I've been a huge fan of Simpson for many years and I cannot understand the neglect of such powerful music.


----------



## hammeredklavier (Feb 18, 2018)

"George Frederick Pinto (1786-1806) was a child prodigy on violin and piano, playing his first violin concerto at the age of 11. His untimely death at the age of 21 prompted his teacher and mentor, the famous impresario Salomon, to say: 'If he had lived…England would have had the honour to produce a second Mozart'.
Pinto's surviving music is focused on the piano, but he also wrote three sonatas with violin parts which depart from the convention of their time in being equally weighted with the piano part; perhaps because he could lay claim, like Mozart, to virtuoso abilities on both instruments. They were published in the year of his death, 1806, and they demanded, like Mozart, skilled practitioners above the level of most amateur music-making. In executing the violin part for this recording, Robert Bachara has decided to use extensive ornamentation, indeed in certain places to through-compose and supplement his part, which without doubt highlights the equal stature of the violin part.
Pinto's bold harmonic and melodic language, his experiments in form and keyboard writing are all well ahead of his time and invite comparison with early-Romantic pioneers such as Schubert and Beethoven. They appear to belong to mainstream German chamber music: on the one hand, looking back to Haydn and Mozart; and on the other, heralding Brahms, or even Reger (in the chromatic harmonization of the First Sonata's finale)." -[from the video description]


----------



## Bulldog (Nov 21, 2013)

FrankinUsa said:


> I respect the posts offered. But aren't they truly to be considered as minor composers in the greater scheme of "classical" music.

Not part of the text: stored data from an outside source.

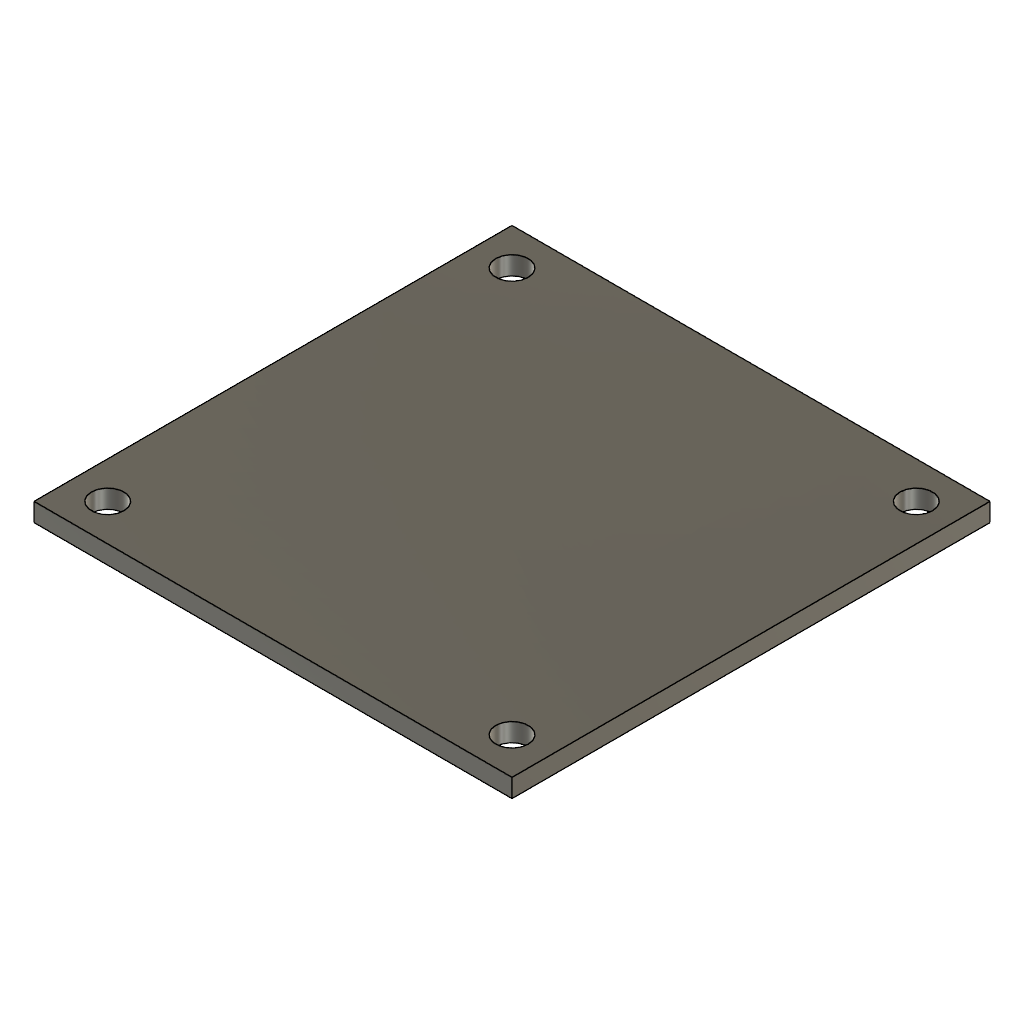
tensile-tester (Autodesk Fusion 360 archive; units mm, degrees)
design "Motor Bracket"
part number: 2026-11-15-13-29-55-198
Autodesk Fusion 360 part; units mm, degrees
sketch "Sketch1" plane through (0, 0, 0) normal (0, 0, 1) x (1, 0, 0)
  line L0 (34.8, 34.8) -> (-34.8, 34.8)
  line L1 (-34.8, 34.8) -> (-34.8, -34.8)
  line L2 (-34.8, -34.8) -> (34.8, -34.8)
  line L3 (34.8, -34.8) -> (34.8, 34.8)
  line L4 (34.8, 34.8) -> (-34.8, -34.8) construction
  line L5 (-34.8, 34.8) -> (34.8, -34.8) construction
  circle A0 centre (-34.8, 34.8) radius 2.8
  circle A1 centre (34.8, 34.8) radius 2.8
  circle A2 centre (34.8, -34.8) radius 2.8
  circle A3 centre (-34.8, -34.8) radius 2.8
  line L6 (-41.15, -41.15) -> (41.15, -41.15)
  line L7 (41.15, -41.15) -> (41.15, 41.15)
  line L8 (41.15, 41.15) -> (-41.15, 41.15)
  line L9 (-41.15, 41.15) -> (-41.15, -41.15)
  dimension "d1" = 69.6
  dimension "d2" = 69.6
  dimension "d3" = 5.6
  dimension "d4" = 5.6
  dimension "d5" = 5.6
  dimension "d6" = 5.6
  dimension "d7" = 6.35
  constraint horizontal L0
  constraint perpendicular L0 L1
  constraint parallel L0 L2
  constraint parallel L1 L3
  constraint coincident L4 origin
  constraint coincident L5 origin
  constraint coincident L0.end L1.start
  constraint coincident L0.start L3.end
  constraint coincident L2.end L3.start
  constraint coincident L1.end L2.start
  measures "d1" distance of L0.start L0.end
  measures "d2" distance of L0.start L2.end
  measures "d3" diameter of A0
  measures "d4" diameter of A1
  measures "d5" diameter of A2
  measures "d6" diameter of A3
extrude "Extrude1" add sketch "Sketch1" along normal blind 3.175 contours L0 L1 L2 L3 A0 A1 A2 A3 | L6 L7 L8 L9
sketch "Sketch2" plane through (0, 0, 3.175) normal (0, 0, 1) x (-1, 0, 0)
  circle A0 centre (34.8, -34.8) radius 2.8
  circle A1 centre (34.8, 34.8) radius 2.8
  circle A2 centre (-34.8, 34.8) radius 2.8
  circle A3 centre (-34.8, -34.8) radius 2.8
  line L0 (41.15, -41.15) -> (41.15, 41.15)
  line L1 (41.15, 41.15) -> (-41.15, 41.15)
  line L2 (-41.15, 41.15) -> (-41.15, -41.15)
  line L3 (-41.15, -41.15) -> (41.15, -41.15)
  line L4 (34.8, 34.8) -> (-34.8, -34.8) construction
  line L5 (34.8, -34.8) -> (-34.8, 34.8) construction
  line L6 (-11.3538, -11.3538) -> (11.3538, -11.3538)
  line L7 (11.3538, -11.3538) -> (11.3538, 11.3538)
  line L8 (11.3538, 11.3538) -> (-11.3538, 11.3538)
  line L9 (-11.3538, 11.3538) -> (-11.3538, -11.3538)
  line L10 (-11.3538, -11.3538) -> (11.3538, 11.3538) construction
  line L11 (11.3538, -11.3538) -> (-11.3538, 11.3538) construction
  circle A4 centre (0, 0) radius 6.35
  line L12 (-19.05, -19.05) -> (19.05, -19.05) construction
  line L13 (19.05, -19.05) -> (19.05, 19.05) construction
  line L14 (19.05, 19.05) -> (-19.05, 19.05) construction
  line L15 (-19.05, 19.05) -> (-19.05, -19.05) construction
  line L16 (-19.05, -19.05) -> (19.05, 19.05) construction
  line L17 (19.05, -19.05) -> (-19.05, 19.05) construction
  circle A5 centre (19.05, -19.05) radius 3.3
  circle A6 centre (-19.05, -19.05) radius 3.3
  circle A7 centre (19.05, 19.05) radius 3.3
  circle A8 centre (-19.05, 19.05) radius 3.3
  point P0 (11.3538, 0)
  dimension "d10" = 11.3538
  dimension "d37" = 12.7
  dimension "d54" = 38.1
  dimension "d55" = 6.6
  dimension "d56" = 6.6
  dimension "d57" = 6.6
  dimension "d58" = 6.6
  constraint coincident A1.centre L4.start
  constraint coincident A3.centre L4.end
  constraint coincident A0.centre L5.start
  constraint coincident A2.centre L5.end
  constraint horizontal L6
  constraint perpendicular L6 L7
  constraint parallel L6 L8
  constraint parallel L7 L9
  constraint coincident L10 A4.centre
  constraint coincident L11 A4.centre
  constraint coincident L4 L6.start
  constraint coincident A4.centre origin
  constraint midpoint L7 P0
  constraint horizontal L12
  constraint perpendicular L12 L13
  constraint parallel L12 L14
  constraint parallel L13 L15
  constraint coincident L16 A4.centre
  constraint coincident L17 A4.centre
  constraint coincident L4 L12.start
  constraint coincident L12.end L13.start
  constraint coincident L12.start L15.end
  constraint coincident L13.end L14.start
  constraint coincident L14.end L15.start
  measures "d10" distance of L6 A4.centre
  measures "d37" diameter of A4
  measures "d54" distance of L12.start L12.end
  measures "d55" diameter of A5
  measures "d56" diameter of A6
  measures "d57" diameter of A7
  measures "d58" diameter of A8

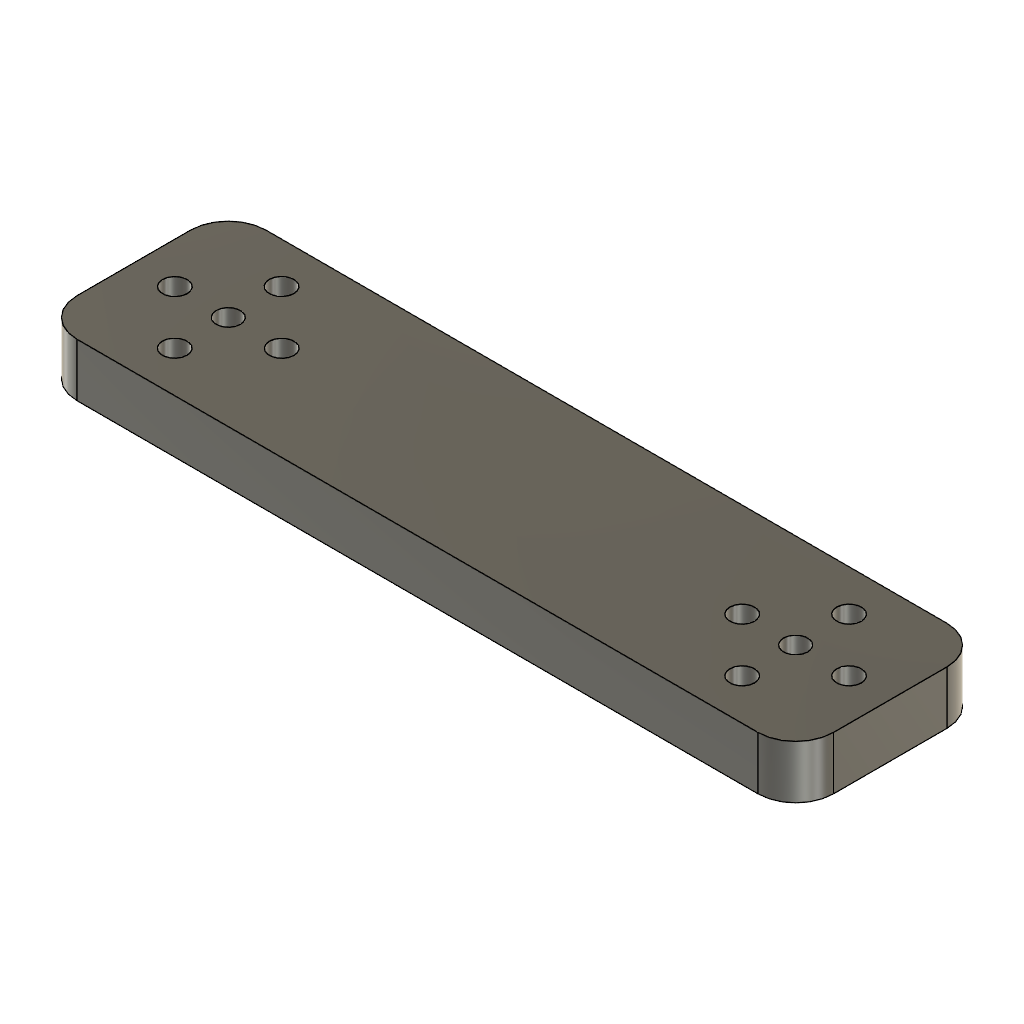
design "box"
part number: 2026-11-09-15-51-23-478
Autodesk Fusion 360 part; units mm, degrees
sketch "Sketch1" plane through (0, 0, 0) normal (0, 0, 1) x (1, 0, 0)
  line L0 (0, 2.54) -> (254, 2.54)
  line L1 (254, 2.54) -> (254, 53.34)
  line L2 (254, 53.34) -> (0, 53.34)
  line L3 (0, 53.34) -> (0, 2.54)
  constraint horizontal L0
  constraint vertical L1
  constraint horizontal L2
  constraint vertical L3
extrude "Extrude1" add sketch "Sketch1" along normal blind 14.303
sketch "Sketch2" plane through (0, 0, 14.303) normal (0, 0, 1) x (-1, 0, 0)
  line L0 (0, -53.34) -> (0, -2.54)
  line L1 (0, -2.54) -> (-254, -2.54)
  line L2 (-254, -2.54) -> (-254, -53.34)
  line L3 (-254, -53.34) -> (0, -53.34)
  line L4 (-50.8, -27.94) -> (-127, -27.94)
  line L5 (-127, -27.94) -> (-203.2, -27.94)
  point P0 (-127, -27.94)
  point P1 (-50.8, -27.94)
  point P2 (-203.2, -27.94)
  point P3 (-36.449, -27.94)
  point P4 (-50.7527, -13.5891)
  point P5 (-50.7527, -42.2909)
  point P6 (-217.551, -27.94)
  point P7 (-203.2, -42.291)
  point P8 (-203.2, -13.589)
  point P9 (-188.849, -27.94)
  point P10 (-65.151, -27.94)
  dimension "d5" = 76.2
  dimension "d14" = 14.351
  constraint coincident P1 L4.start
  constraint coincident P0 L4.end
  constraint coincident P2 L5.end
  constraint horizontal L5
  constraint equal L4 L5
  constraint coincident L5 P9
  constraint coincident L4 P10
  measures "d5" distance of P1 P0
  measures "d14" distance of P1 P3
hole "Hole1" at (50.8, 27.94, 14.303) at (203.2, 27.94, 14.303) at (203.2, 27.94, 14.303) direction (0, 0, -1) diameter 6.477 end through all
hole "Hole2" at (36.449, 27.94, 14.303) at (50.7527, 42.2909, 14.303) at (65.151, 27.94, 14.303) at (50.7527, 13.5891, 14.303) at (188.849, 27.94, 14.303) at (203.2, 42.291, 14.303) at (217.551, 27.94, 14.303) at (203.2, 13.589, 14.303) direction (0, 0, -1) diameter 6.604 depth 6.7564 tip angle 180
fillet "Fillet1" radius 10.16 4 edges at (254, 2.54, 7.1515) (254, 53.34, 7.1515) (0, 2.54, 7.1515) (0, 53.34, 7.1515)
sketch "Sketch3" plane through (0, 0, 14.303) normal (0, 0, 1) x (-1, 0, 0)
  line L0 (-50.8, -27.94) -> (-127, -27.94)
  line L1 (-127.0134, -37.84) -> (-127.0134, -16.7936) construction
  line L2 (-25.4, 6.2939) -> (12.6979, 6.2939)
  line L3 (12.6979, 6.2939) -> (12.6979, -62.1739)
  line L4 (12.6979, -62.1739) -> (-25.4, -62.1739)
  line L5 (-25.4, -62.1739) -> (-25.4, 6.2939)
  line L6 (-228.6268, -62.1739) -> (-228.6268, 6.2939)
  line L7 (-228.6268, 6.2939) -> (-266.7247, 6.2939)
  line L8 (-266.7247, 6.2939) -> (-266.7247, -62.1739)
  line L9 (-266.7247, -62.1739) -> (-228.6268, -62.1739)
  point P0 (-127, -27.94)
  point P1 (-25.4, -27.94)
  dimension "d29" = 101.6
  constraint perpendicular L0 L1
  constraint horizontal L2
  constraint vertical L3
  constraint horizontal L4
  constraint vertical L5
  constraint midpoint L5 P1
  constraint horizontal P0 P1
  constraint symmetric L1 L2.start L6.end
  constraint symmetric L1 L2.end L7.end
  constraint symmetric L1 L3.end L8.end
  constraint symmetric L1 L4.end L6.start
  measures "d29" distance of P0 P1
extrude "Extrude3" cut sketch "Sketch3" against normal blind 25.4
fillet "Fillet3" radius 10.16 4 edges at (25.4, 53.34, 7.1515) (25.4, 2.54, 7.1515) (228.6268, 2.54, 7.1515) (228.6268, 53.34, 7.1515)
equation "h = ( ( ( w * length ^ 3 ) / ( 32 * e * def * depth ) ) ^ ( 1 / 3 ) ) * 1 in"
equation "L = 10 in"
equation "D = 2 in"
equation "def = ( 0.00393701 in ) / in"
equation "SF = 4"
equation "e = ( 9993.1 ksi ) / ksi"
equation "w = 0.4496"
equation "length = ( 10 in ) / in"
equation "depth = ( 2 in ) / in"

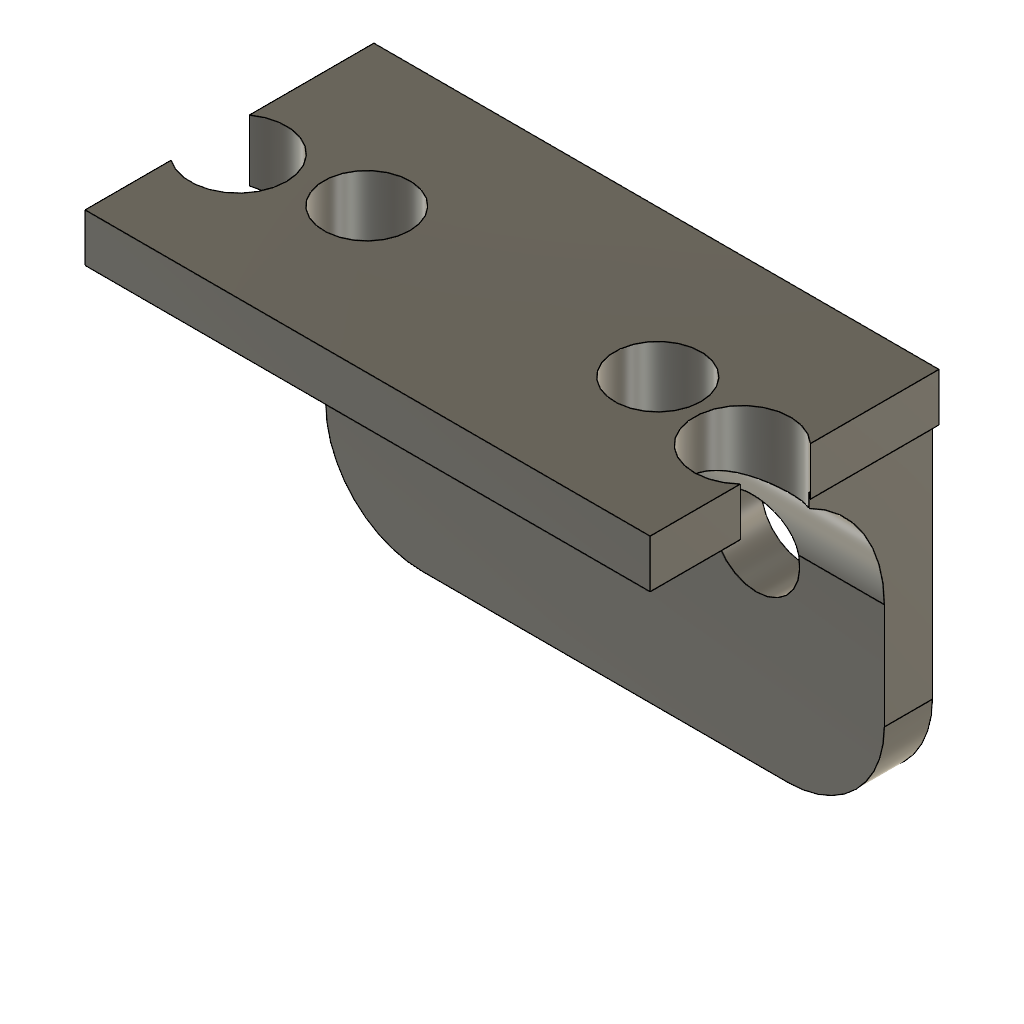
design "connector"
part number: 2026-11-18-19-07-47-330
Autodesk Fusion 360 part; units mm, degrees
sketch "Sketch1" plane through (0, 0, 0) normal (0, 1, 0) x (1, 0, 0)
  line L0 (12.7, 0) -> (60.96, 0)
  line L1 (73.66, -12.7) -> (73.66, -50.8)
  line L2 (73.66, -50.8) -> (0, -50.8)
  line L3 (0, -50.8) -> (0, -12.7)
  line L4 (12.4206, -50.8) -> (12.4206, 0) construction
  line L5 (23.7998, -50.8) -> (23.7998, 0) construction
  line L6 (51.1302, -50.8) -> (51.1302, 0) construction
  line L7 (62.5094, -50.8) -> (62.5094, 0) construction
  circle A0 centre (18.3023, -25.4) radius 5.8817
  circle A1 centre (56.796, -25.4) radius 5.7134
  line L8 (18.3023, -25.4) -> (18.3023, -50.8) construction
  line L9 (56.796, -25.4) -> (56.796, -50.8) construction
  arc A2 (73.66, -12.7) -> (60.96, 0) centre (60.96, -12.7) ccw
  arc A3 (12.7, 0) -> (0, -12.7) centre (12.7, -12.7) ccw
  point P0 (73.66, 0)
  dimension "d1" = 73.66
  dimension "d2" = 50.8
  dimension "d4" = 11.3792
  dimension "d6" = 11.3792
  dimension "d7" = 25.4
  dimension "d9" = 25.4
  dimension "d10" = 12.7
  dimension "d11" = 12.4206
  dimension "d12" = 51.1302
  dimension "d13" = 12.7
  constraint horizontal L0
  constraint vertical L1
  constraint horizontal L2
  constraint vertical L3
  constraint tangent L4 A0
  constraint tangent L7 A1
  constraint coincident A0.centre L8.start
  constraint coincident L2 L8.end
  constraint perpendicular L2 L8
  constraint coincident A1.centre L9.start
  constraint coincident L2 L9.end
  constraint perpendicular L2 L9
  constraint coincident P0 L0
  constraint coincident P0 L1
  constraint tangent L0 A2
  constraint tangent L1 A2
  constraint coincident origin L0
  constraint coincident origin L3
  constraint tangent L0 A3
  constraint tangent L3 A3
  measures "d1" distance of origin P0
  measures "d2" distance of origin L2.end
  measures "d7" distance of A1.centre L9.end
  measures "d9" distance of A0.centre L8.end
  measures "d10" radius of A2
  measures "d11" distance of L3 L4
  measures "d12" distance of L3 L6
  measures "d13" radius of A3
extrude "Extrude1" add sketch "Sketch1" along normal blind 6.35
chamfer "Chamfer1" distance 1.27 angle 45 1 edges at (36.83, 6.35, 50.8) tangent chain off
sketch "Sketch2" plane through (0, 0, 50.8) normal (0, 0, 1) x (-1, 0, 0)
  line L0 (-73.66, -5.08) -> (0, -5.08)
  line L1 (0, -5.08) -> (0, 0)
  line L2 (0, 0) -> (-73.66, 0)
  line L3 (-73.66, 0) -> (-73.66, -5.08)
  line L4 (0, -6.35) -> (-74.5244, -6.35)
  line L5 (-74.5244, 31.75) -> (0, 31.75)
  circle A0 centre (-70.1741, 15.24) radius 6.35
  circle A1 centre (-3.701, 15.24) radius 6.35
  line L6 (0, 31.75) -> (0, 20.3999)
  line L7 (0, 10.0801) -> (0, -6.35)
  line L8 (-74.5244, -6.35) -> (-74.5244, 10.6142)
  line L9 (-74.5244, 19.8658) -> (-74.5244, 31.75)
  line L10 (-70.1741, 15.24) -> (-70.1741, 0) construction
  line L11 (-3.701, 15.24) -> (-3.701, 0) construction
  line L12 (0, 31.75) -> (0, -6.35) construction
  line L13 (-12.4206, 31.75) -> (-12.4206, -6.35) construction
  line L14 (-23.7998, 31.75) -> (-23.7998, -6.35) construction
  line L15 (-51.1302, 31.75) -> (-51.1302, -6.35) construction
  line L16 (-62.5094, 31.75) -> (-62.5094, -6.35) construction
  circle A2 centre (-56.8198, 13.0343) radius 5.6994
  circle A3 centre (-18.1102, 12.7) radius 5.6896
  dimension "d17" = 38.1
  dimension "d19" = 12.7
  dimension "d20" = 12.7
  dimension "d26" = 15.24
  dimension "d27" = 15.24
  dimension "d28" = 12.4206
  dimension "d29" = 11.3792
  dimension "d30" = 51.1302
  dimension "d31" = 11.3792
  constraint horizontal L4
  constraint vertical L8
  constraint horizontal L5
  constraint vertical L6
  constraint coincident A1 L6.end
  constraint coincident A1 L7.start
  constraint collinear L6 L7
  constraint coincident A0 L8.end
  constraint coincident A0 L9.start
  constraint collinear L8 L9
  constraint coincident A0.centre L10.start
  constraint coincident L2 L10.end
  constraint perpendicular L2 L10
  constraint coincident A1.centre L11.start
  constraint coincident L2 L11.end
  constraint perpendicular L2 L11
  constraint tangent L13 A3
  measures "d17" distance of L4.start L5.end
  measures "d19" diameter of A0
  measures "d20" diameter of A1
  measures "d26" distance of A0.centre L10.end
  measures "d27" distance of A1.centre L11.end
extrude "Extrude2" add sketch "Sketch2" against normal blind 6.35 contours L0 L2 L3 L4 L5 A0 A1 L6 L7 L8 L9
fillet "Fillet1" radius 17.78 1 edges at (36.83, 0, 44.45)

The Romantic period was not fertile ground, but there are many wonderful 20th century British composers. They hold up nicely to composers from most other countries with a rich classical tradition.


----------



## HenryPenfold (Apr 29, 2018)

*Robert Simpson* - Symphony #7

Prompted by Art Rock's post #3234 in the Current Listening Vol VIII.

One of 2 CDs of Simpson's music (the other was Symphony 9) I eagerly awaited and rushed out and bought in 1988, even before my 'Johnny Come Lately' classic music collecting had properly begun.

Taken from the CD booklet:

''..... Written for a performance on record without a public concert in mind........ written for one man sitting in a chair, listening by himself."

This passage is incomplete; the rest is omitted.